## WHAT TO PRODUCE:
Return the data below exactly, but only from the line containing "R_P_TITION_LIN_AIRE1_COUNT = 2" through the line containing "Rectangle(ESQUISSE1_W, ESQUISSE1_H)", with both of those lines included.

## DATASET CONTENT:
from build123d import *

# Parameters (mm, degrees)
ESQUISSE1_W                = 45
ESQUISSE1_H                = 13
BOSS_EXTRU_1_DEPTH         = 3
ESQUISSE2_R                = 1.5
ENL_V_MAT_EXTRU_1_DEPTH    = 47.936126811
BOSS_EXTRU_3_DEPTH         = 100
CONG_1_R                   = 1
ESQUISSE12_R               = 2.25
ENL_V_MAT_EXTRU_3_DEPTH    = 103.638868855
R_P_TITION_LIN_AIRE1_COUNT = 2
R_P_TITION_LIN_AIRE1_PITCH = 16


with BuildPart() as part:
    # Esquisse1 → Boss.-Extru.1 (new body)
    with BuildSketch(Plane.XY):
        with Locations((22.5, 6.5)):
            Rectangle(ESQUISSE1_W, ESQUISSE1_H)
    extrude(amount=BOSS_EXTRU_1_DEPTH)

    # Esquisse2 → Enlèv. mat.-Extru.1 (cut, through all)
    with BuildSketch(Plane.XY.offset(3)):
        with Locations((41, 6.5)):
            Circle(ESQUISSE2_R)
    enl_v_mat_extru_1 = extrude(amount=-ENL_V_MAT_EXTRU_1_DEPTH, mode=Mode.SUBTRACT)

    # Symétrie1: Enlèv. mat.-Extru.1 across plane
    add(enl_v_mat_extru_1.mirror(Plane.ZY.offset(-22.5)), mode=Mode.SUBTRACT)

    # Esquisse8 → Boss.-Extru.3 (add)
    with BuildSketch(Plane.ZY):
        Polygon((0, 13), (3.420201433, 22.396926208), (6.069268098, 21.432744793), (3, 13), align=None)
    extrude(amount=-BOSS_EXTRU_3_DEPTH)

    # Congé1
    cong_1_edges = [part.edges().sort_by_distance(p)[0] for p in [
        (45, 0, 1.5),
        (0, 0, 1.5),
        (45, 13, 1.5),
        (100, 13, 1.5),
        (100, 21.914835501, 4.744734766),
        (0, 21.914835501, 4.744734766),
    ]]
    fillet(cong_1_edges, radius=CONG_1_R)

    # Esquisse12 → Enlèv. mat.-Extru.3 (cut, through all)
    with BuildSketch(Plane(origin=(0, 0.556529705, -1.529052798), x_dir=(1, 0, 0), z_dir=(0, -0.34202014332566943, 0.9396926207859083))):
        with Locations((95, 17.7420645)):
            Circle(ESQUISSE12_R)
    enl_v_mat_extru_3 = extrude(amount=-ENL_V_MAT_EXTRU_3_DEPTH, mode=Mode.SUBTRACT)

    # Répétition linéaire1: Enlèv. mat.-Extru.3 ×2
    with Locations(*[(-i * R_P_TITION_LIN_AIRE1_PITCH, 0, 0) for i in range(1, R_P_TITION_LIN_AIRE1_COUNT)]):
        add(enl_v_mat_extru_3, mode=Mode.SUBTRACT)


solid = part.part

## THE COMPLETED TASK:
R_P_TITION_LIN_AIRE1_COUNT = 2
R_P_TITION_LIN_AIRE1_PITCH = 16


with BuildPart() as part:
    # Esquisse1 → Boss.-Extru.1 (new body)
    with BuildSketch(Plane.XY):
        with Locations((22.5, 6.5)):
            Rectangle(ESQUISSE1_W, ESQUISSE1_H)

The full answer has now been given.